The powerful bomb that exploded moments after President Pervez Musharraf’s motorcade passed over a bridge on Sunday evening had been delayed by crucial seconds by jammers that temporarily disabled the bomb, they said.
“It was enough time for Musharraf to cross the bridge,” an intelligence official said on the condition of anonymity.
No one was hurt in the bombing, which destroyed a section of the bridge in Rawalpindi, a city near the capital, Islamabad. It was at least the second assassination attempt on Gen. Musharraf, a key ally in the U.S. war on terror.
Investigators have not identified any suspects but were looking into the possible involvement of terror network al Qaeda and banned Pakistani militant groups, officials said.
The sophisticated bomb — initially estimated to contain 550 pounds of explosive — was thought to include a remote control as well as a timing device to trigger it, two intelligence officials said.
The equipment in Gen. Musharraf’s car jammed the timer for about a minute and jammed the remote control, the officials said.
The jammers usually work by emitting a magnetic impulse to block frequencies used to trigger explosive devices — including the electronic signals from precision timers.
Gen. Musharraf has said he heard and felt the blast about 30 seconds to a minute after he passed the bridge. There were no injuries as the bridge had been blocked to traffic to let his motorcade pass.

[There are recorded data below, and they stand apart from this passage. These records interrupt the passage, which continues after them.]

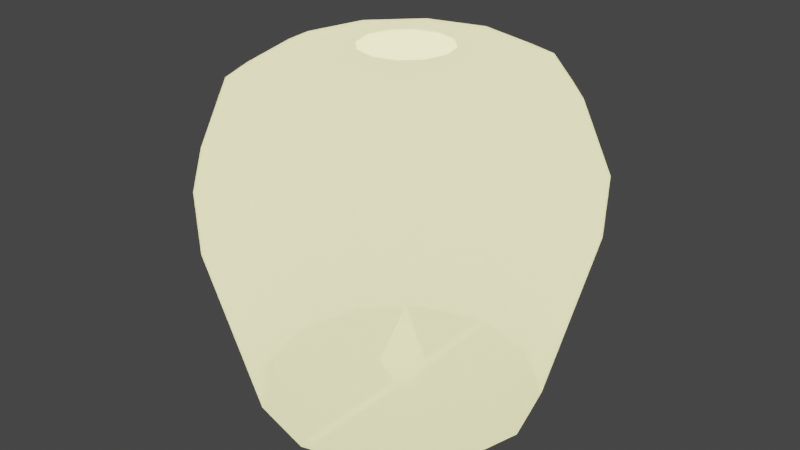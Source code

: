 # Source: Lantern.blend  (saved by Blender 2.83.19; exported with 4.5.12 LTS)
import bpy
from mathutils import Matrix  # noqa: F401  (used for matrix-valued properties, if any)

bpy.ops.wm.read_factory_settings(use_empty=True)
scene = bpy.context.scene
scene.name = 'Scene'

# ---- collections
col_collection = bpy.data.collections.new('Collection'); scene.collection.children.link(col_collection)

# ---- materials (node trees are filled in below, after node groups)
mat_material_001 = bpy.data.materials.new('Material.001')
mat_material_001.use_transparent_shadow = False
mat_material_001.diffuse_color = (0.8, 0.7259, 0.7041, 1.0)
mat_material_001.roughness = 1.0
mat_material_002 = bpy.data.materials.new('Material.002')
mat_material_002.use_transparent_shadow = False
mat_material_002.roughness = 0.5
mat_material_006 = bpy.data.materials.new('Material.006')
mat_material_006.use_transparent_shadow = False
mat_material_006.diffuse_color = (0.8, 0.6351, 0.5953, 1.0)
mat_material_006.roughness = 0.5

# ---- material node trees
mat_material_001.use_nodes = True; mat_material_001.node_tree.nodes.clear()
_N = mat_material_001.node_tree.nodes; _L = mat_material_001.node_tree.links
n0 = _N.new('ShaderNodeBsdfPrincipled'); n0.name = 'Principled BSDF'; n0.location = (10, 300)
n0.distribution = 'GGX'
n0.subsurface_method = 'BURLEY'
n0.inputs[0].default_value = (0.8, 0.7259, 0.7041, 1.0)
n0.inputs[2].default_value = 1.0
n0.inputs[3].default_value = 1.45
n0.inputs[4].default_value = 0.7132
n0.inputs[27].default_value = (1.0, 1.0, 0.4922, 1.0)
n0.inputs[28].default_value = 1.0
n1 = _N.new('ShaderNodeOutputMaterial'); n1.name = 'Material Output'; n1.location = (300, 300)
n2 = _N.new('ShaderNodeNormalMap'); n2.name = 'Normal Map'; n2.location = (-300, -300)
n2.label = 'Normal/Map'
n2.inputs[0].default_value = 0.0
_L.new(n0.outputs[0], n1.inputs[0])
_L.new(n2.outputs[0], n0.inputs[5])
n1.is_active_output = True
mat_material_002.use_nodes = True; mat_material_002.node_tree.nodes.clear()
_N = mat_material_002.node_tree.nodes; _L = mat_material_002.node_tree.links
n0 = _N.new('ShaderNodeBsdfPrincipled'); n0.name = 'Principled BSDF'; n0.location = (10, 300)
n0.distribution = 'GGX'
n0.subsurface_method = 'BURLEY'
n0.inputs[3].default_value = 1.45
n0.inputs[27].default_value = (0.0, 0.0, 0.0, 1.0)
n0.inputs[28].default_value = 1.0
n1 = _N.new('ShaderNodeOutputMaterial'); n1.name = 'Material Output'; n1.location = (300, 300)
n2 = _N.new('ShaderNodeNormalMap'); n2.name = 'Normal Map'; n2.location = (-300, -300)
n2.label = 'Normal/Map'
n2.inputs[0].default_value = 0.0
_L.new(n0.outputs[0], n1.inputs[0])
_L.new(n2.outputs[0], n0.inputs[5])
n1.is_active_output = True
mat_material_006.use_nodes = True; mat_material_006.node_tree.nodes.clear()
_N = mat_material_006.node_tree.nodes; _L = mat_material_006.node_tree.links
n0 = _N.new('ShaderNodeBsdfPrincipled'); n0.name = 'Principled BSDF'; n0.location = (10, 300)
n0.distribution = 'GGX'
n0.subsurface_method = 'BURLEY'
n0.inputs[0].default_value = (0.8, 0.6351, 0.5953, 1.0)
n0.inputs[3].default_value = 1.45
n0.inputs[27].default_value = (1.0, 1.0, 0.4073, 1.0)
n0.inputs[28].default_value = 1.0
n1 = _N.new('ShaderNodeOutputMaterial'); n1.name = 'Material Output'; n1.location = (300, 300)
n2 = _N.new('ShaderNodeNormalMap'); n2.name = 'Normal Map'; n2.location = (-300, -300)
n2.label = 'Normal/Map'
n2.inputs[0].default_value = 0.0
_L.new(n0.outputs[0], n1.inputs[0])
_L.new(n2.outputs[0], n0.inputs[5])
n1.is_active_output = True

# ---- world
world_world = bpy.data.worlds.new('World'); scene.world = world_world
world_world.use_nodes = True; world_world.node_tree.nodes.clear()
_N = world_world.node_tree.nodes; _L = world_world.node_tree.links
n0 = _N.new('ShaderNodeOutputWorld'); n0.name = 'World Output'; n0.location = (300, 300)
n1 = _N.new('ShaderNodeBackground'); n1.name = 'Background'; n1.location = (10, 300)
n1.inputs[0].default_value = (0.05088, 0.05088, 0.05088, 1.0)
_L.new(n1.outputs[0], n0.inputs[0])
n0.is_active_output = True
world_world.color = (0.05088, 0.05088, 0.05088)
world_world.use_sun_shadow = False
world_world.sun_shadow_jitter_overblur = 0.0

# ---- meshes
me_circle_001 = bpy.data.meshes.new('Circle.001')
me_circle_001.from_pydata([(2.148e-09, 0.8847, 0.0), (-0.4423, 0.7661, 0.0), (-0.7661, 0.4423, 0.0), (-0.8847, -3.464e-08, 0.0), (-0.7661, -0.4423, 0.0), (-0.4423, -0.7661, 0.0), (7.949e-08, -0.8847, 0.0), (0.4423, -0.7661, 0.0), (0.7661, -0.4423, 0.0), (0.8847, 1.458e-08, 0.0), (0.7661, 0.4423, 0.0), (0.4423, 0.7661, 0.0), (0.0, 1.0, 1.938), (-0.5, 0.866, 1.938), (-0.866, 0.5, 1.938), (-1.0, -4.371e-08, 1.938), (-0.866, -0.5, 1.938), (-0.5, -0.866, 1.938), (8.742e-08, -1.0, 1.938), (0.5, -0.866, 1.938), (0.866, -0.5, 1.938), (1.0, 1.192e-08, 1.938), (0.866, 0.5, 1.938), (0.5, 0.866, 1.938), (-0.4152, 0.7908, 2.036), (0.03524, 0.9115, 2.036), (-0.7449, 0.4611, 2.036), (-0.8656, 0.01068, 2.036), (-0.7449, -0.4397, 2.036), (-0.4152, -0.7695, 2.036), (0.03524, -0.8902, 2.036), (0.4857, -0.7695, 2.036), (0.8154, -0.4397, 2.036), (0.9361, 0.01068, 2.036), (0.8154, 0.4611, 2.036), (0.4857, 0.7908, 2.036), (-0.3351, 0.6521, 2.115), (0.03524, 0.7513, 2.115), (-0.6061, 0.381, 2.115), (-0.7054, 0.01068, 2.115), (-0.6061, -0.3596, 2.115), (-0.3351, -0.6307, 2.115), (0.03524, -0.7299, 2.115), (0.4055, -0.6307, 2.115), (0.6766, -0.3596, 2.115), (0.7759, 0.01068, 2.115), (0.6766, 0.381, 2.115), (0.4055, 0.6521, 2.115), (-0.1056, 0.2547, 2.192), (0.03524, 0.2924, 2.192), (-0.2088, 0.1516, 2.192), (-0.2465, 0.01068, 2.192), (-0.2088, -0.1302, 2.192), (-0.1056, -0.2333, 2.192), (0.03524, -0.2711, 2.192), (0.1761, -0.2333, 2.192), (0.2793, -0.1302, 2.192), (0.317, 0.01068, 2.192), (0.2793, 0.1516, 2.192), (0.1761, 0.2547, 2.192), (-1.18, -4.627e-08, 1.496), (-1.022, -0.5899, 1.496), (1.022, 0.5899, 1.496), (0.5899, 1.022, 1.496), (-1.295e-08, 1.18, 1.496), (-0.5899, 1.022, 1.496), (0.5899, -1.022, 1.496), (1.022, -0.5899, 1.496), (-0.5899, -1.022, 1.496), (-1.022, 0.5899, 1.496), (1.18, 1.937e-08, 1.496), (9.02e-08, -1.18, 1.496), (-0.2212, 0.8254, 0.0), (-0.6042, 0.6042, 0.0), (-0.8254, 0.2212, 0.0), (-0.8254, -0.2212, 0.0), (-0.6042, -0.6042, 0.0), (-0.2212, -0.8254, 0.0), (0.2212, -0.8254, 0.0), (0.6042, -0.6042, 0.0), (0.8254, -0.2212, 0.0), (0.8254, 0.2212, 0.0), (0.6042, 0.6042, 0.0), (0.2212, 0.8254, 0.0), (-1.011, -0.5838, 1.114), (0.5838, 1.011, 1.114), (-0.5838, 1.011, 1.114), (1.011, -0.5838, 1.114), (-0.5838, -1.011, 1.114), (-1.011, 0.5838, 1.114), (1.168, 1.868e-08, 1.114), (9.259e-08, -1.168, 1.114), (-1.168, -4.628e-08, 1.114), (1.011, 0.5838, 1.114), (-9.488e-09, 1.168, 1.114), (0.5838, -1.011, 1.114), (0.295, -1.101, 1.496), (1.101, 0.295, 1.496), (-1.101, 0.295, 1.496), (-0.295, -1.101, 1.496), (1.101, -0.295, 1.496), (-0.8059, 0.8059, 1.496), (0.295, 1.101, 1.496), (-0.8059, -0.8059, 1.496), (0.8059, -0.8059, 1.496), (-0.295, 1.101, 1.496), (0.8059, 0.8059, 1.496), (-1.101, -0.295, 1.496), (-1.089, -0.2919, 1.114), (0.7975, 0.7975, 1.114), (-0.2919, 1.089, 1.114), (0.7975, -0.7975, 1.114), (-0.7975, -0.7975, 1.114), (0.2919, 1.089, 1.114), (-0.7975, 0.7975, 1.114), (1.089, -0.2919, 1.114), (-0.2919, -1.089, 1.114), (-1.089, 0.2919, 1.114), (1.089, 0.2919, 1.114), (0.2919, -1.089, 1.114)], [], [(61, 107, 60, 15, 16), (63, 106, 62, 22, 23), (65, 105, 64, 12, 13), (67, 104, 66, 19, 20), (68, 103, 61, 16, 17), (64, 102, 63, 23, 12), (69, 101, 65, 13, 14), (70, 100, 67, 20, 21), (71, 99, 68, 17, 18), (60, 98, 69, 14, 15), (62, 97, 70, 21, 22), (66, 96, 71, 18, 19), (20, 19, 31, 32), (24, 25, 37, 36), (17, 16, 28, 29), (12, 23, 35, 25), (14, 13, 24, 26), (21, 20, 32, 33), (18, 17, 29, 30), (15, 14, 26, 27), (22, 21, 33, 34), (19, 18, 30, 31), (16, 15, 27, 28), (23, 22, 34, 35), (13, 12, 25, 24), (47, 46, 58, 59), (32, 31, 43, 44), (29, 28, 40, 41), (25, 35, 47, 37), (26, 24, 36, 38), (33, 32, 44, 45), (30, 29, 41, 42), (27, 26, 38, 39), (34, 33, 45, 46), (31, 30, 42, 43), (28, 27, 39, 40), (35, 34, 46, 47), (36, 37, 49, 48), (44, 43, 55, 56), (41, 40, 52, 53), (37, 47, 59, 49), (38, 36, 48, 50), (45, 44, 56, 57), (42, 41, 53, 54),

On Tuesday, the president made a 20-minute visit to the site of the blast and asked investigators to find and arrest the people responsible as soon as possible, officials said.
Gen. Musharraf, who took power in a bloodless coup in 1999, angered hard-liners in his country by reversing its support for the Taliban regime in neighboring Afghanistan after the September 11 attacks.
Although some in Pakistan question his determination to crack down on politically influential religious radicals, Gen. Musharraf has taken some bold and controversial steps in tackling the threat from extremists.
He has deployed at least 70,000 troops to track suspects in sensitive tribal regions along the border with Afghanistan, where sympathies for the Taliban run high, and has handed over hundreds of terror suspects to the United States.
Referring to the assassination attempt, Pakistani defense analyst Talat Masood said security agencies worldwide use “jammers” and other equipment for the security of dignitaries, which had been imported to Pakistan.